First Sailor. What way can he play it, being in his sleep?

Second Sailor. But who would be our captain then to make out a course from the Bear and the Pole-star, and to bring us back home?

First Sailor. I have that thought out. We must have Aibric with us. He knows the constellations as well as Forgael. He is a good hand with the sword. Join with us; be our captain, Aibric. We are agreed to put an end to Forgael, before he wakes. There is no man but will be glad of it when it is done. Join with us, and you will have the captain’s share and profit.

Aibric. Silence! for you have taken Forgael’s pay.

First Sailor. Little pay we have had this twelvemonth. We would never have turned against him if he had brought us, as he promised, into seas that would be thick with ships. That was the bargain. What is the use of knocking about and fighting as we do unless we get the chance to drink more wine and kiss more women than lasting peaceable men through their long lifetime? You will be as good a leader as ever he was himself, if you will but join us.

Aibric. And do you think that I will join myself
To men like you, and murder him who has been
My master from my earliest childhood up?
No! nor to a world of men like you
When Forgael’s in the other scale. Come! come!
I’ll answer to more purpose when you have drawn
That sword out of its scabbard.

First Sailor. You have awaked him. We had best go, for we have missed this chance.

Forgael.
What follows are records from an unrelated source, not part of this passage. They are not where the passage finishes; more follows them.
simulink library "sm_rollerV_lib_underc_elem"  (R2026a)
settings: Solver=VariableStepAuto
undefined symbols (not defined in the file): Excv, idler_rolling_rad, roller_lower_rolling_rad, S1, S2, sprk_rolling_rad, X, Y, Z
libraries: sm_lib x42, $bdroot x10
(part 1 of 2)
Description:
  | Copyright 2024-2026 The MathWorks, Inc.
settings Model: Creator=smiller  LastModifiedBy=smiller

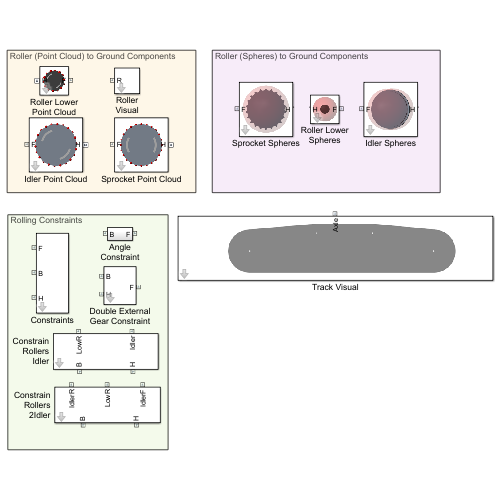
[thumbnail: Simulink's stored preview of the top-level diagram]
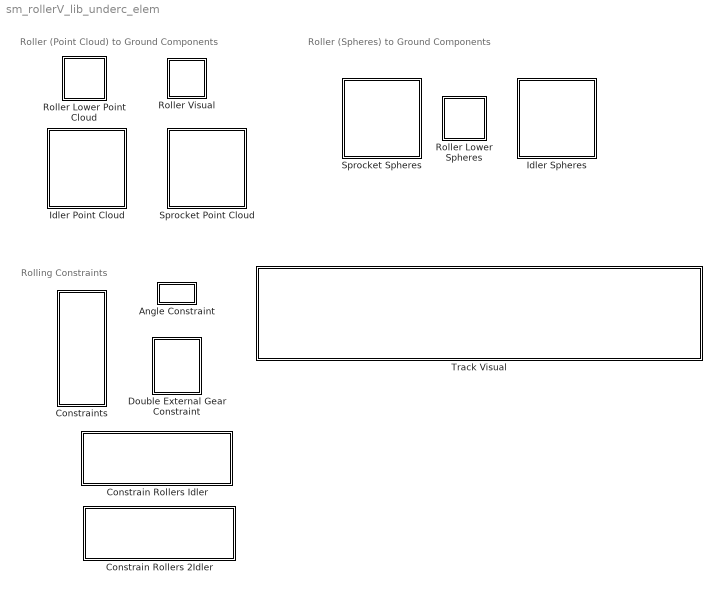
== system sm_rollerV_lib_underc_elem ==
  note: Roller (Point Cloud) to Ground Components
  note: Roller (Spheres) to Ground Components
  note: Rolling Constraints
  Angle Constraint : Subsystem
  Constrain Rollers 2Idler : Subsystem  mask(Constrain Sprocket, Lower Rollers, and Idler){sprk_rolling_rad=sprk_rolling_rad, roller_lower_rolling_rad=roller_lower_rolling_rad, idlerF_rolling_rad=idler_rolling_rad, idlerR_rolling_rad=idler_rolling_rad}
      mask prompts: sprk_rolling_rad "Sprocket Rolling Radius (m)"; roller_lower_rolling_rad "Lower Roller Rolling Radius (m)"; idlerF_rolling_rad "Front Idler Rolling Radius (m)"; idlerR_rolling_rad "Rear Idler Rolling Radius (m)"
      mask help: Model connects all required constraints to ensure sprocket, lower rollers, and idlers will spin at speeds consistent with the condition that they are all connected by the track. This enables abstract modeling of a track drive when the track drive is not present by constraining the rotation of all rolling elements that touch the ground
  Constrain Rollers Idler : Subsystem  mask(Constrain Sprocket, Lower Rollers, and Idler){sprk_rolling_rad=sprk_rolling_rad, roller_lower_rolling_rad=roller_lower_rolling_rad, idler_rolling_rad=idler_rolling_rad}
      mask prompts: sprk_rolling_rad "Sprocket Rolling Radius (m)"; roller_lower_rolling_rad "Lower Roller Rolling Radius (m)"; idler_rolling_rad "Idler Rolling Radius (m)"
      mask help: Model connects all required constraints to ensure sprocket, lower rollers, and idlers will spin at speeds consistent with the condition that they are all connected by the track. This enables abstract modeling of a track drive when the track drive is not present by constraining the rotation of all rolling elements that touch the ground
  Constraints : Subsystem  mask(Common Gear Assembly Constraints){popup_gear_type=Internal, b_gear_pd=0.3*2, f_gear_pd=0.1*2, b_visc_frict=0, f_visc_frict=0}
      mask prompts: popup_gear_type "Gear Type"
      mask help: Model connects all required constraints for a common gear assembly. Contains two Revolute Joints and a Common Gear Constraint, all oriented and positioned according to the Common Gear Constraint requirements.
      mask init:
      | gear_constr_type = get_param(gcb,'popup_gear_type');
      | set_param([gcb '/Common Gear Constraint'],'GearType',gear_constr_type);
      | if(strcmpi(gear_constr_type,'External'))
      |     gear_axis_offset = (f_gear_pd+b_gear_pd)/2;
      | else
      |     gear_axis_offset = (f_gear_pd-b_gear_pd)/2;
      | end
      mask TypeOptions popup_gear_type: External | Internal
      mask DialogControl Control3 Prompt: Gear B
      mask DialogControl Control4 Prompt: Gear F
      mask DialogControl Control5 Prompt: Pitch Diameter (m)
      mask DialogControl Control6 Prompt: Bearing Friction N*m/(deg/s)
  Double External Gear Constraint : Subsystem  mask(Constrain Sprocket, Lower Rollers, and Idler){gear_b_rad=0.3, gear_f_rad=0.1, gear_b_d=0, gear_f_d=0}
      mask prompts: gear_b_rad "Pitch Radius Gear B (m)"; gear_f_rad "Pitch Radius Gear F (m)"; gear_b_d "Bearing Friction B N*m/(deg/s)"; gear_f_d "Bearing Friction F N*m/(deg/s)"
      mask help: Model connects all required constraints to ensure base and follower spin in the same direction at a ratio consistent with their radii. This is an alternate to the Internal Common Gear Constraint.
  Idler Point Cloud : Subsystem  mask(Idler){idler_rad=Excv.Idler.rad, idler_len=Excv.Idler.len, idler_rho=Excv.Idler.rho, idler_clr=Excv.Idler.clr, idler_opc=Excv.Idler.opc, idler_contact_geo_ptcld=Excv.Idler.ground_contact.ptcld.pts, idler_contact_geo_rad=Excv.Idler.ground_contact.ptcld.rad, idler_contact_geo_clr=Excv.Idler.ground_contact.ptcld.clr, idler_contact_geo_opc=Excv.Idler.ground_contact.ptcld.opc, cyl_rad=Excv.Idler.ground_contact.rolling_radius, cyl_len=Excv.Shoe.w, cyl_clr=Excv.Idler.clr, cyl_opc=1, accMn=0.65, accMx=0.75, acc_clr=[0.8 0.8 0.8], acc_opc=1, lext=1e-3}
      mask prompts: idler_rad "Radius (m)"; idler_len "Length(m)"; idler_rho "Density (kg/m^3)"; idler_clr "Color [R G B] (0-1)"; idler_opc "Opacity (0-1)"; idler_contact_geo_ptcld "Point Cloud Data [x y z] (m)"; idler_contact_geo_rad "Radius (m)"; idler_contact_geo_clr "Color [R G B] (0-1)"; idler_contact_geo_opc "Opacity (0-1)"; cyl_rad "Cylinder Radius (m)"; cyl_len "Cylinder Length (m)"; cyl_clr "Cylinder Color [R G B] (0-1)"; cyl_opc "Cylinder Opacity (0-1)"; accMn "Accent Min Radius (0-1)"; accMx "Accent Max Radius (0-1)"; acc_clr "Accent Color [R G B] (0-1)"; acc_opc "Accent Opacity (0-1)"; lext "Length Extensions (m)"
      mask help: Models idler wheel used to tension the track in the undercarriage. A point ploud models contact with the ground as if the track were in place. This permits much faster simulation than modeling individual track segments.
      mask TypeOptions cyl_rad:
      | Roller
      | Visual/cyl_rad
      mask TypeOptions cyl_len:
      | Roller
      | Visual/cyl_len
      mask TypeOptions cyl_clr:
      | Roller
      | Visual/cyl_clr
      mask TypeOptions cyl_opc:
      | Roller
      | Visual/cyl_opc
      mask TypeOptions accMn:
      | Roller
      | Visual/accMn
      mask TypeOptions accMx:
      | Roller
      | Visual/accMx
      mask TypeOptions acc_clr:
      | Roller
      | Visual/acc_clr
      mask TypeOptions acc_opc:
      | Roller
      | Visual/acc_opc
      mask TypeOptions lext:
      | Roller
      | Visual/lext
      mask DialogControl cont_idler Prompt: Idler
      mask DialogControl cont_idler_contact_geo Prompt: Contact Geometry
      mask DialogControl cont_roller_vis Prompt: Roller Visual
      mask Display: image('sm_chain_idlerptcld_IMAGE.png');
  Idler Spheres : Subsystem  mask(Idler){idler_rad=Excv.Idler.rad, idler_len=Excv.Idler.len, idler_rho=Excv.Idler.rho, idler_clr=Excv.Idler.clr, idler_opc=Excv.Idler.opc, idler_rolling_rad=Excv.Idler.ground_contact.rolling_radius, idler_contact_geo_width=Excv.Shoe.w, idler_contact_geo_clr=Excv.Idler.ground_contact.sphere.clr, idler_contact_geo_opc=Excv.Idler.ground_contact.sphere.opc}
      mask prompts: idler_rad "Radius (m)"; idler_len "Length(m)"; idler_rho "Density (kg/m^3)"; idler_clr "Color [R G B] (0-1)"; idler_opc "Opacity (0-1)"; idler_rolling_rad "Idler to Ground Radius (m)"; idler_contact_geo_width "Shoe Width (m)"; idler_contact_geo_clr "Color [R G B] (0-1)"; idler_contact_geo_opc "Opacity (0-1)"
      mask help: Models idler wheel used to tension the track in the undercarriage. Spheres are used to model contact with the ground as if the track were in place. This abstract method of modeling ground contact permits significantly faster simulation.
      mask DialogControl idler_cont Prompt: Idler
      mask DialogControl cont_contact_geo_idler Prompt: Contact Geometry
      mask Display: image('sm_chain_idlersphere_IMAGE.png');
  Roller Visual : Subsystem  mask(Roller Visual Element){cyl_rad=Excv.Roller.Lower.ground_contact.rolling_radius, cyl_len=Excv.Shoe.w, accMx=0.75, accMn=0.65, lext=1e-3, cyl_clr=Excv.Roller.Lower.clr, acc_clr=[0.8 0.8 0.8], cyl_opc=1, acc_opc=1}
      mask prompts: cyl_rad "Cylinder Radius (m)"; cyl_len "Cylinder Length (m)"; accMx "Accent Max Radius (0-1)"; accMn "Accent Min Radius (0-1)"; lext "Length Extensions (m)"; cyl_clr "Cylinder Color [R G B] (0-1)"; acc_clr "Accent Color [R G B] (0-1)"; cyl_opc "Cylinder Opacity (0-1)"; acc_opc "Accent Opacity (0-1)"
      mask help: Models geometry to visualize rolling elements as cylinders. No inertia is provided by this element.
  Roller Lower Point Cloud : Subsystem  mask(Lower Roller){roller_lower_rad=Excv.Roller.Lower.rad, roller_lower_len=Excv.Roller.Lower.len, roller_lower_rho=Excv.Roller.Lower.rho, roller_lower_clr=Excv.Roller.Lower.clr, roller_lower_opc=Excv.Roller.Lower.opc, roller_lower_contgeo_ptcld=Excv.Roller.Lower.ground_contact.pts, roller_lower_contgeo_rad=Excv.Roller.Lower.ground_contact.rad, roller_lower_contgeo_clr=Excv.Roller.Lower.ground_contact.clr, roller_lower_contgeo_opc=Excv.Roller.Lower.ground_contact.opc, cyl_rad=Excv.Roller.Lower.ground_contact.rolling_radius, cyl_len=Excv.Shoe.w, cyl_clr=Excv.Roller.Lower.clr, cyl_opc=1, accMn=0.65, accMx=0.75, acc_clr=[0.8 0.8 0.8], acc_opc=1, lext=1e-3}
      mask prompts: roller_lower_rad "Radius (m)"; roller_lower_len "Length (m)"; roller_lower_rho "Density (kg/m^3)"; roller_lower_clr "Color [R G B] (0-1)"; roller_lower_opc "Opacity (0-1)"; roller_lower_contgeo_ptcld "Point Cloud [x y z] (m)"; roller_lower_contgeo_rad "Radius (m)"; roller_lower_contgeo_clr "Color [R G B] (0-1)"; roller_lower_contgeo_opc "Opacity (0-1)"; cyl_rad "Cylinder Radius (m)"; cyl_len "Cylinder Length (m)"; cyl_clr "Cylinder Color [R G B] (0-1)"; cyl_opc "Cylinder Opacity (0-1)"; accMn "Accent Min Radius (0-1)"; accMx "Accent Max Radius (0-1)"; acc_clr "Accent Color [R G B] (0-1)"; acc_opc "Accent Opacity (0-1)"; lext "Length Extensions (m)"
      mask help: Models lower roller on excavator undercarriage. A point cloud permits contact forces between the roller and the ground as if the track were in place. This abstract model permits significantly faster simulation than modeling the entire track as individual segments.
      mask TypeOptions cyl_rad: Roller Visual/cyl_rad
      mask TypeOptions cyl_len: Roller Visual/cyl_len
      mask TypeOptions cyl_clr: Roller Visual/cyl_clr
      mask TypeOptions cyl_opc: Roller Visual/cyl_opc
      mask TypeOptions accMn: Roller Visual/accMn
      mask TypeOptions accMx: Roller Visual/accMx
      mask TypeOptions acc_clr: Roller Visual/acc_clr
      mask TypeOptions acc_opc: Roller Visual/acc_opc
      mask TypeOptions lext: Roller Visual/lext
      mask DialogControl roller_lower_cont Prompt: Roller
      mask DialogControl cont_contact_geo_lower Prompt: Contact Geometry
      mask DialogControl cont_roller_vis Prompt: Roller Visual
      mask Display: image('sm_chain_rollerptcld_IMAGE.png');
  Roller Lower Spheres : Subsystem  mask(Lower Roller with Ground Contact){roller_lower_rad=Excv.Roller.Lower.rad, roller_lower_len=Excv.Roller.Lower.len, roller_lower_rho=Excv.Roller.Lower.rho, roller_lower_clr=Excv.Roller.Lower.clr, roller_lower_opc=Excv.Roller.Lower.opc, roller_lower_rolling_rad=Excv.Roller.Lower.ground_contact.rolling_radius, roller_lower_contgeo_width=Excv.Shoe.w, roller_lower_contgeo_clr=Excv.Roller.Lower.ground_contact.sphere.clr, roller_lower_contgeo_opc=Excv.Roller.Lower.ground_contact.sphere.opc}
      mask prompts: roller_lower_rad "Radius (m)"; roller_lower_len "Length (m)"; roller_lower_rho "Density (kg/m^3)"; roller_lower_clr "Color [R G B] (0-1)"; roller_lower_opc "Opacity (0-1)"; roller_lower_rolling_rad "Roller to Ground Rad (m)"; roller_lower_contgeo_width "Shoe Width (m)"; roller_lower_contgeo_clr "Color [R G B] (0-1)"; roller_lower_contgeo_opc "Opacity (0-1)"
      mask help: Models lower roller on excavator undercarriage. Spheres are used to model contact with the ground as if the track were in place. This abstract method of modeling ground contact permits significantly faster simulation.
      mask DialogControl roller_lower_cont Prompt: Roller
      mask DialogControl cont_contact_geo_lower Prompt: Contact Geometry
      mask Display: image('sm_chain_rollersphere_IMAGE.png');
  Sprocket Point Cloud : Subsystem  mask(Sprocket){sprk_xc=Excv.Sprocket.sprocket_xc, sprk_len=Excv.Sprocket.sprk_width, sprk_rho=Excv.Sprocket.density, sprk_clr=Excv.Sprocket.sprocket_clr, sprk_opc=Excv.Sprocket.sprocket_opc, sprk_contact_geo_ptcld=Excv.Sprocket.teeth_contact.ptcld.pts, sprk_contact_geo_rad=Excv.Sprocket.teeth_contact.ptcld.rad, sprk_contact_geo_clr=Excv.Sprocket.teeth_contact.ptcld.clr, sprk_contact_geo_opc=Excv.Sprocket.teeth_contact.ptcld.opc, cyl_rad=Excv.Sprocket.ground_contact.rolling_radius, cyl_len=Excv.Shoe.w, cyl_clr=Excv.Sprocket.clr, cyl_opc=1, accMn=0.65, accMx=0.75, acc_clr=[0.8 0.8 0.8], acc_opc=1, lext=1e-3}
      mask prompts: sprk_xc "Extrusion Data [x y] (m)"; sprk_len "Length (m)"; sprk_rho "Density (kg/m^3)"; sprk_clr "Color [R G B] (0-1)"; sprk_opc "Opacity (0-1)"; sprk_contact_geo_ptcld "Point Cloud Data [x y z] (m)"; sprk_contact_geo_rad "Radius (m)"; sprk_contact_geo_clr "Color [R G B] (0-1)"; sprk_contact_geo_opc "Opacity (0-1)"; cyl_rad "Cylinder Radius (m)"; cyl_len "Cylinder Length (m)"; cyl_clr "Cylinder Color [R G B] (0-1)"; cyl_opc "Cylinder Opacity (0-1)"; accMn "Accent Min Radius (0-1)"; accMx "Accent Max Radius (0-1)"; acc_clr "Accent Color [R G B] (0-1)"; acc_opc "Accent Opacity (0-1)"; lext "Length Extensions (m)"
      mask help: Models a sprocket. A point cloud models contact with the ground as if the track were in place. This permits much faster simulation than modeling individual track segments.
      mask TypeOptions sprk_xc: Extruded Solid/ExtrusionCrossSection
      mask TypeOptions sprk_len: Extruded Solid/ExtrusionLength
      mask TypeOptions sprk_rho: Extruded Solid/Density
      mask TypeOptions sprk_clr: Extruded Solid/GraphicDiffuseColor
      mask TypeOptions sprk_opc: Extruded Solid/GraphicOpacity
      mask TypeOptions sprk_contact_geo_ptcld: Point Cloud/CoordinatesMatrix
      mask TypeOptions sprk_contact_geo_rad: Point Cloud/GraphicSphereRadius
      mask TypeOptions sprk_contact_geo_clr: Point Cloud/GraphicDiffuseColor
      mask TypeOptions sprk_contact_geo_opc: Point Cloud/GraphicOpacity
      mask TypeOptions cyl_rad:
      | Roller
      | Visual/cyl_rad
      mask TypeOptions cyl_len:
      | Roller
      | Visual/cyl_len
      mask TypeOptions cyl_clr:
      | Roller
      | Visual/cyl_clr
      mask TypeOptions cyl_opc:
      | Roller
      | Visual/cyl_opc
      mask TypeOptions accMn:
      | Roller
      | Visual/accMn
      mask TypeOptions accMx:
      | Roller
      | Visual/accMx
      mask TypeOptions acc_clr:
      | Roller
      | Visual/acc_clr
      mask TypeOptions acc_opc:
      | Roller
      | Visual/acc_opc
      mask TypeOptions lext:
      | Roller
      | Visual/lext
      mask DialogControl cont_solida Prompt: Solid
      mask DialogControl cont_contact_geo Prompt: Contact Geometry
      mask DialogControl cont_roller_vis Prompt: Roller Visual
      mask Display: image('sm_chain_sprocketptcld_IMAGE.png');
  Sprocket Spheres : Subsystem  mask(Sprocket with Ground Contact (Spheres)){sprk_xc=Excv.Sprocket.sprocket_xc, sprk_len=Excv.Sprocket.sprk_width, sprk_rho=Excv.Sprocket.density, sprk_clr=Excv.Sprocket.sprocket_clr, sprk_opc=Excv.Sprocket.sprocket_opc, sprk_rolling_rad=Excv.Sprocket.ground_contact.rolling_radius, sprk_contact_geo_w=Excv.Shoe.w, sprk_contact_geo_clr=Excv.Sprocket.ground_contact.sphere.clr, sprk_contact_geo_opc=Excv.Sprocket.ground_contact.sphere.opc}
      mask prompts: sprk_xc "Extrusion Data [x y] (m)"; sprk_len "Length (m)"; sprk_rho "Density (kg/m^3)"; sprk_clr "Color [R G B] (0-1)"; sprk_opc "Opacity (0-1)"; sprk_rolling_rad "Sprocket to Ground Radius (m)"; sprk_contact_geo_w "Shoe Width (m)"; sprk_contact_geo_clr "Color [R G B] (0-1)"; sprk_contact_geo_opc "Opacity (0-1)"
      mask help: Models a sprocket. A point ploud models contact with the ground as if the track were in place. This abstract method of modeling ground contact permits much faster simulation than modeling individual track segments.Contact between the sprocket and a chain is not modeled.
      mask TypeOptions sprk_xc: Extruded Solid/ExtrusionCrossSection
      mask TypeOptions sprk_len: Extruded Solid/ExtrusionLength
      mask TypeOptions sprk_rho: Extruded Solid/Density
      mask TypeOptions sprk_clr: Extruded Solid/GraphicDiffuseColor
      mask TypeOptions sprk_opc: Extruded Solid/GraphicOpacity
      mask DialogControl cont_solid Prompt: Solid
      mask DialogControl cont_contact_geo Prompt: Contact Geometry
      mask Display: image('sm_chain_sprocketsphere_IMAGE.png');
  Track Visual : Subsystem  mask(Track Mass and Visual Element){track_m=Excv.Vis.Track.m, track_cg_offset=Excv.Vis.Track.cg, track_axle_offset_x=Excv.Frame.AxleX, track_axle_offset_y=Excv.Frame.AxleY, track_moi=Excv.Vis.Track.moi, track_poi=Excv.Vis.Track.poi, track_xc=Excv.Vis.Track.track_xc, track_w=Excv.Shoe.w, track_clr=Excv.Vis.Track.clr, track_opc=Excv.Vis.Track.opc}
      mask prompts: track_m "Mass"; track_cg_offset "CG Offset from Sprocket Ctr [x y z] (m)"; track_axle_offset_x "Axle Offset from Sprocket Ctr [x] (m)"; track_axle_offset_y "Axle Offset from Sprocket Ctr [y] (m)"; track_moi "Moments of Inertia  (kg*m^2)"; track_poi "Products of Inertia  (kg*m^2)"; track_xc "Extrusion Profile [x y] (m)"; track_w "Extrusion Length [(m)"; track_clr "Color [R G B] (0-1)"; track_opc "Opacity (0-1)"
      mask help: Models track drive as a single inertia element with an extruded solid. Displays the track in animations without modeling each segment.
      mask Display: image('sm_excv_track_visual_sideview_IMAGE.png');

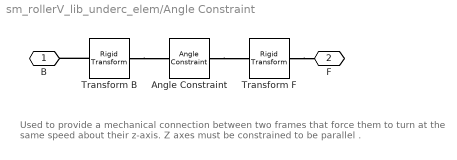
== system sm_rollerV_lib_underc_elem/Angle Constraint ==
  note: Used to provide a mechanical connection between two frames that force them to turn at the same speed about their z-axis. Z axes must be constrained to be parallel .
  Angle Constraint : sm_lib/Constraints/Angle Constraint  ConstraintType=Parallel  Angle=45  AngleUnits=deg  WrenchDir=FollowerOnBase  WrenchFrame=BaseFrame  SenseTorque=off  SenseSignedTorqueMagnitude=off
  Transform B : sm_lib/Frames and Transforms/Rigid Transform  RotationMethod=StandardAxis  FollAlignAxisA=+X  BaseAlignAxisA=+Y  FollAlignAxisB=+Y  BaseAlignAxisB=+Z  RotationStandardAxis=+X  RotationAngle=90  RotationAngleUnits=deg  RotationArbitraryAxis=[0 0 1]  RotationSequenceAxes=FollowerAxes  RotationSequence=XYX  RotationSequenceAngles=[0 0 0]  RotationSequenceAnglesUnits=deg  RotationMatrix=[1 0 0; 0 1 0; 0 0 1]  Quaternion=[1 0 0 0]  TranslationMethod=None  TranslationCartesianOffset=[0 0 0]  TranslationCartesianOffsetUnits=m  TranslationStandardAxis=+Z  TranslationStandardOffset=0  TranslationStandardOffsetUnits=m  TranslationROffset=0  TranslationROffsetUnits=m  TranslationThetaOffset=0  TranslationThetaOffsetUnits=deg  TranslationZOffset=0  TranslationZOffsetUnits=m
  Transform F : sm_lib/Frames and Transforms/Rigid Transform  RotationMethod=StandardAxis  FollAlignAxisA=+X  BaseAlignAxisA=+Y  FollAlignAxisB=+Y  BaseAlignAxisB=+Z  RotationStandardAxis=+X  RotationAngle=90  RotationAngleUnits=deg  RotationArbitraryAxis=[0 0 1]  RotationSequenceAxes=FollowerAxes  RotationSequence=XYX  RotationSequenceAngles=[0 0 0]  RotationSequenceAnglesUnits=deg  RotationMatrix=[1 0 0; 0 1 0; 0 0 1]  Quaternion=[1 0 0 0]  TranslationMethod=None  TranslationCartesianOffset=[0 0 0]  TranslationCartesianOffsetUnits=m  TranslationStandardAxis=+Z  TranslationStandardOffset=0  TranslationStandardOffsetUnits=m  TranslationROffset=0  TranslationROffsetUnits=m  TranslationThetaOffset=0  TranslationThetaOffsetUnits=deg  TranslationZOffset=0  TranslationZOffsetUnits=m
  B : PMIOPort  Side=Left
  F : PMIOPort  Port=2  Side=Right
  connections:
  Transform B/LConn1 -- B/RConn1
  Angle Constraint/RConn1 -- Transform F/RConn1
  Transform F/LConn1 -- F/RConn1
  Transform B/RConn1 -- Angle Constraint/LConn1

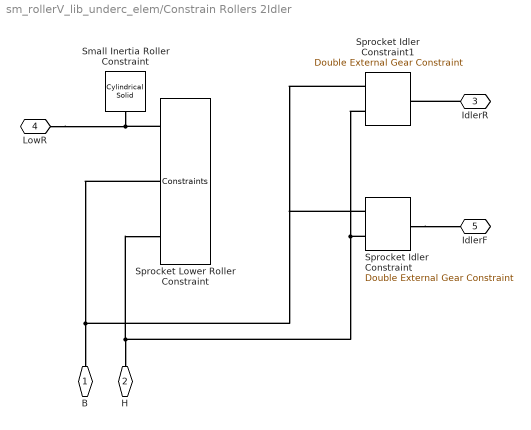
== system sm_rollerV_lib_underc_elem/Constrain Rollers 2Idler ==
  Small Inertia Roller Constraint : sm_lib/Body Elements/Cylindrical Solid  CylinderRadius=roller_lower_rolling_rad  CylinderRadiusUnits=m  CylinderLength=roller_lower_rolling_rad*0.1  CylinderLengthUnits=m  ExportEntireGeometry=off  InertiaType=CalculateFromGeometry  BasedOnType=Density  Density=1  DensityUnits=kg/m^3  Mass=1  MassUnits=kg  CenterOfMass=[0 0 0]  CenterOfMassUnits=m  MomentsOfInertia=[1 1 1]  MomentsOfInertiaUnits=kg*m^2  ProductsOfInertia=[0 0 0]  ProductsOfInertiaUnits=kg*m^2  GraphicType=FromGeometry  MarkerShape=Sphere  MarkerSize=10  GraphicVisPropType=SimpleVisualProperties  GraphicDiffuseColor=[0.5 0.5 0.5]  GraphicOpacity=0  GraphicSpecularColor=[0.5 0.5 0.5 1.0]  GraphicAmbientColor=[0.15 0.15 0.15 1.0]  GraphicEmissiveColor=[0.0 0.0 0.0 1.0]  GraphicShininess=75  DoExposeReferenceFrame=on  SerializedFrames=<Frames/>
  Sprocket Idler Constraint : $bdroot/Double External Gear Constraint  gear_b_rad=sprk_rolling_rad  gear_f_rad=idlerF_rolling_rad  gear_b_d=0  gear_f_d=0
      settings: LibrarySourceBlock=sm_excv_track_abstract_lib/Double External Constraint
  Sprocket Idler Constraint1 : $bdroot/Double External Gear Constraint  gear_b_rad=sprk_rolling_rad  gear_f_rad=idlerR_rolling_rad  gear_b_d=0  gear_f_d=0
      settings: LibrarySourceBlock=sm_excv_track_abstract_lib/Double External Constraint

Have the birds passed us? I could hear your voice.
But there were others.

Aibric. I have seen nothing pass.

Forgael. You are certain of it? I never wake from sleep
But that I am afraid they may have passed;
For they’re my only pilots. I have not seen them
For many days, and yet there must be many
Dying at every moment in the world.

Aibric. They have all but driven you crazy, and already
The sailors have been plotting for your death,
And all the birds have cried into your ears
Has lured you on to death.

Forgael. No; but they promised —

Aibric. I know their promises. You have told me all.
They are to bring you to unheard-of passion,
To some strange love the world knows nothing of,
Some ever-living woman as you think,
One that can cast no shadow, being unearthly.
But that’s all folly. Turn the ship about,
Sail home again, be some fair woman’s friend;
Be satisfied to live like other men,
And drive impossible dreams away. The world
Has beautiful women to please every man.

Forgael. But he that gets their love after the fashion
Loves in brief longing and deceiving hope
And bodily tenderness, and finds that even
The bed of love, that in the imagination
Had seemed to be the giver of all peace,
Is no more than a wine cup in the tasting,
And as soon finished.

Aibric. All that ever loved
Have loved that way – there is no other way.

Forgael. Yet never have two lovers kissed but they
Believed there was some other near at hand,
And almost wept because they could not find it.

Aibric. When they have twenty years; in middle life
They take a kiss for what a kiss is worth,
And let the dream go by.

Forgael. It’s not a dream,
But the reality that makes our passion
As a lamp shadow – no – no lamp, the sun.
What the world’s million lips are thirsting for,
Must be substantial somewhere.

Aibric. I have heard the Druids
Mutter such things as they awake from trance.
It may be that the dead have lit upon it,
Or those that never lived; no mortal can.